Increased occurrence of free immunoglobulin light chains in cerebrospinal fluid and serum in human immunodeficiency virus-1 infection.

作者信息

Elovaara I, Seppälä I, Kinnunen E, Laaksovirta H

机构信息

Department of Microbiology, Aurora Hospital, Helsinki, Finland.

出版信息

J Neuroimmunol. 1991 Dec;35(1-3):65-77. doi: 10.1016/0165-5728(91)90162-z.

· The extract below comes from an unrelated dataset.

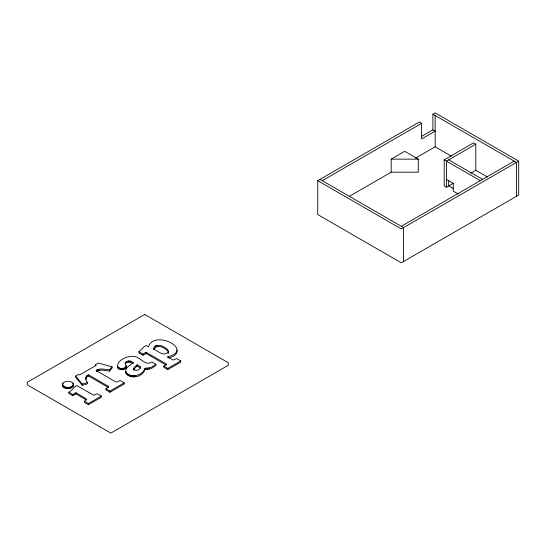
<?xml version="1.0" encoding="UTF-8"?>
<svg xmlns="http://www.w3.org/2000/svg" width="546" height="546" viewBox="0 0 546 546"><rect width="100%" height="100%" fill="white"/><g stroke="black" fill="none" stroke-linecap="round" stroke-linejoin="round"><path stroke-width="0.82" d="M117.376 365.922C118.564 358.961 127.477 356.101 133.77 356.347C140.145 356.647 145.912 366.878 151.836 361.916L155.91 364.271L155.91 365.451L151.133 368.68L145.011 369.499C139.162 384.445 112.64 373.846 133.668 362.783C131.293 360.988 127.709 359.903 125.416 362.435L125.102 363.295L126.222 366.386C124.468 369.437 118.687 369.328 117.376 365.922C117.028 370.372 124.433 370.987 126.222 367.567L126.201 365.533M117.376 367.103L117.52 365.506M133.565 368.304L133.49 369C135.231 372.038 140.145 369.867 140.786 366.898L137.135 364.789L134.077 367.485L133.49 370.181M125.71 372.577L125.867 371.389M112.094 366.851L109.562 369.874L101.829 368.932L97.85 369.451L96.164 370.509L115.786 381.934L117.724 381.838L120.154 380.521L124.181 382.848L124.181 384.029L109.958 392.24L105.931 389.912L105.931 388.738L108.442 387.08L108.422 386.363L88.554 374.843C84.964 375.703 85.347 380.425 87.469 382.637L87.469 383.811L82.289 385.237L75.669 377.266L75.669 376.085L78.419 374.495L79.696 374.89L96.116 365.41L95.489 364.639L98.266 363.035L112.094 366.851L112.094 368.031L109.562 371.055L101.829 370.113L97.85 370.632L96.164 371.69M85.763 379.49L86.043 377.013M62.558 384.343L62.947 383.128C65.527 380.542 70.366 380.589 72.946 383.155L73.348 384.357L72.952 386.732C70.366 389.312 65.52 389.332 62.94 386.739L62.558 384.343L62.94 386.739M62.558 385.517L62.947 383.128M72.952 386.732L73.348 384.357M153.679 349.44C156.579 343.448 165.643 347.638 168.345 351.877M155.91 364.271L151.133 367.499L145.011 368.318C142.786 375.88 129.347 378.958 125.71 371.396M86.043 378.194L86.712 377.109L88.554 376.023L108.422 387.544L108.422 386.363M133.565 369.485L137.135 365.97L137.135 364.789M155.514 345.877L154.177 347.092L153.426 348.846C157.535 350.86 163.875 357.064 168.264 352.102L168.264 353.282L168.345 350.696C165.67 346.887 160.108 344.157 155.514 345.877L155.514 347.058M62.94 385.558C65.52 388.151 70.366 388.131 72.952 385.558M133.149 363.67C130.904 361.943 127.511 361.302 125.416 363.616L125.416 362.435M138.93 351.74L144.178 346.655L146.137 345.529L148.451 346.867C154.129 328.753 195.427 350.395 167.253 356.831L173.082 360.046L176.733 358.613L180.767 360.94L180.767 362.121L167.813 369.594L163.786 367.267L163.786 366.086L166.107 364.619L166.107 364.066L164.79 363.097L146.075 352.293L142.984 354.081L138.93 351.74L138.93 352.921L142.984 355.262L146.075 353.474L164.79 364.278M68.878 392.253L71.69 390.226L74.809 386.711L76.795 385.565L93.714 395.188L97.263 393.741L101.29 396.068L101.29 397.249L88.384 404.702L84.357 402.375L84.357 401.194L86.732 399.686L85.858 398.491L75.894 392.738L72.802 394.526L68.878 392.253L68.878 393.434L72.802 395.707L75.894 393.919L85.858 399.672M432.903 129.846L432.903 114.203L435.155 112.899L518.7 161.131L518.7 195.024L401.29 262.81L317.745 214.578L317.745 180.685L419.355 122.024L421.608 123.328L421.608 138.971L435.155 131.149L432.903 129.846L421.492 136.432M322.263 180.685L421.608 123.328M391.175 172.181L391.175 159.145L404.723 151.324L418.27 159.145L418.27 172.181L391.175 172.181L349.385 196.307M415.588 158.087L435.155 146.792L451.399 156.163M453.098 183.36L446.451 187.203L444.191 185.899L444.191 159.828L473.539 142.881L475.798 144.185L475.798 170.256L487.612 177.075M475.798 144.185L446.451 161.131L446.451 187.203M470.672 173.212L475.798 170.256M84.357 401.194L88.384 403.521L101.29 396.068M105.931 388.738L109.958 391.066L124.181 382.848M401.29 226.31L514.182 161.131M518.7 161.131L401.29 228.917L317.745 180.685M163.786 366.086L167.813 368.413L180.767 360.94M75.669 376.085L82.289 384.056L87.469 382.637M167.95 357.876C171.956 357.425 177.969 354.927 177.047 349.966M391.175 159.145L418.27 159.145M432.903 114.203L516.441 162.435L516.441 196.328M448.703 159.828L482.664 179.429M444.191 159.828L480.405 180.733M446.451 179.381L453.221 183.292L453.221 191.114L458.285 194.035M453.446 188.636L448.703 185.899L448.703 180.419M320.004 179.381L403.549 227.614L403.549 261.507M137.135 365.97L140.786 368.079M73.348 385.537L72.946 383.155M126.201 366.714L126.222 367.567M435.155 115.506L435.155 146.792M167.813 368.413L167.813 369.594M166.107 364.066L166.107 365.24M157.18 345.331L157.18 346.512M149.167 368.093L149.167 369.273M147.133 368.359L147.133 369.54M146.075 352.293L146.075 353.474M145.011 368.318L145.011 369.499M142.984 354.081L142.984 355.262M135.654 375.525L135.654 376.699M133.927 375.668L133.927 376.849M132.234 375.621L132.234 376.801M130.671 375.382L130.671 376.563M129.989 360.926L129.989 362.107M129.245 374.952L129.245 376.133M128.29 360.913L128.29 362.087M127.941 374.338L127.941 375.518M126.761 373.471L126.761 374.652M126.44 361.582L126.44 362.762M126.01 372.488L126.01 373.669M125.792 367.124L125.792 368.304M124.938 367.779L124.938 368.959M123.512 368.359L123.512 369.54M121.908 368.564L121.908 369.744M120.332 368.393L120.332 369.574M118.98 367.861L118.98 369.041M117.881 366.973L117.881 368.154M109.958 391.066L109.958 392.24M109.562 369.874L109.562 371.055M99.433 369.116L99.433 370.297M97.85 369.451L97.85 370.632M96.615 369.97L96.615 371.15M95.489 364.639L95.489 365.82M88.554 374.843L88.554 376.023M88.384 403.521L88.384 404.702M87.653 375.143L87.653 376.324M86.712 375.928L86.712 377.109M82.289 384.056L82.289 385.237M75.894 392.738L75.894 393.919M72.802 394.526L72.802 395.707M71.758 386.561L71.758 387.742M70.011 387.25L70.011 388.431M67.936 387.483L67.936 388.663M65.861 387.25L65.861 388.431M64.114 386.561L64.114 387.742M144.71 314.476L27.3 382.261L27.3 384.869L110.845 433.101L228.255 365.315L228.255 362.708L144.71 314.476"/></g></svg>

DOI:10.1016/0165-5728(91)90162-z
PMID:1955573
Abstract

The presence of free immunoglobulin light chains (FLCs) in the cerebrospinal fluid (CSF) and sera of patients with human immunodeficiency virus-1 (HIV-1) infection, multiple sclerosis (MS), and neurologically healthy control individuals was investigated by paying special attention to ensure that only truly free light chains would be detected. The FLCs were extracted by specifically binding them to Sepharose-coupled anti-FLC monoclonal antibodies, and thereafter they were electrophoresed and immunoblotted with monoclonal antibodies to both light chain (LC) isotypes. A frequent occurrence of kappa and lambda FLCs was found in both CSF and sera of HIV-1 infected patients. In HIV-1 infection and in MS, the frequency of FLCs of the CSF was equal. In healthy controls, only occasional weak FLCs were observed in either CSF or serum. FLC bands of the CSF from patients with HIV-1 infection tended to be more intensive than those of the appropriately diluted sera. Both intrathecal synthesis of FLCs and their transudation from sera through the impaired blood-brain barrier (BBB) may contribute to this. Increasing severity of general HIV-1 infection was accompanied by an increase of FLC intensity in sera. A qualitative demonstration of FLC in the CSF may be meaningful only in the absence of altered BBB function.

摘要

研究了人类免疫缺陷病毒1型(HIV-1)感染患者、多发性硬化症(MS)患者以及神经功能正常的对照个体的脑脊液(CSF)和血清中游离免疫球蛋白轻链(FLC)的存在情况,特别注意确保仅检测到真正的游离轻链。通过将FLC特异性结合到琼脂糖偶联的抗FLC单克隆抗体上来提取FLC,然后对其进行电泳并用针对两种轻链(LC)同种型的单克隆抗体进行免疫印迹。在HIV-1感染患者的脑脊液和血清中均频繁发现κ和λFLC。在HIV-1感染和MS中,脑脊液中FLC的频率相等。在健康对照中,在脑脊液或血清中仅偶尔观察到弱阳性的FLC。HIV-1感染患者脑脊液中的FLC条带往往比适当稀释的血清中的条带更强。这可能是由于FLC的鞘内合成及其通过受损血脑屏障(BBB)从血清中的渗出共同导致的。全身性HIV-1感染严重程度的增加伴随着血清中FLC强度的增加。仅在血脑屏障功能未改变的情况下,脑脊液中FLC的定性检测才可能有意义。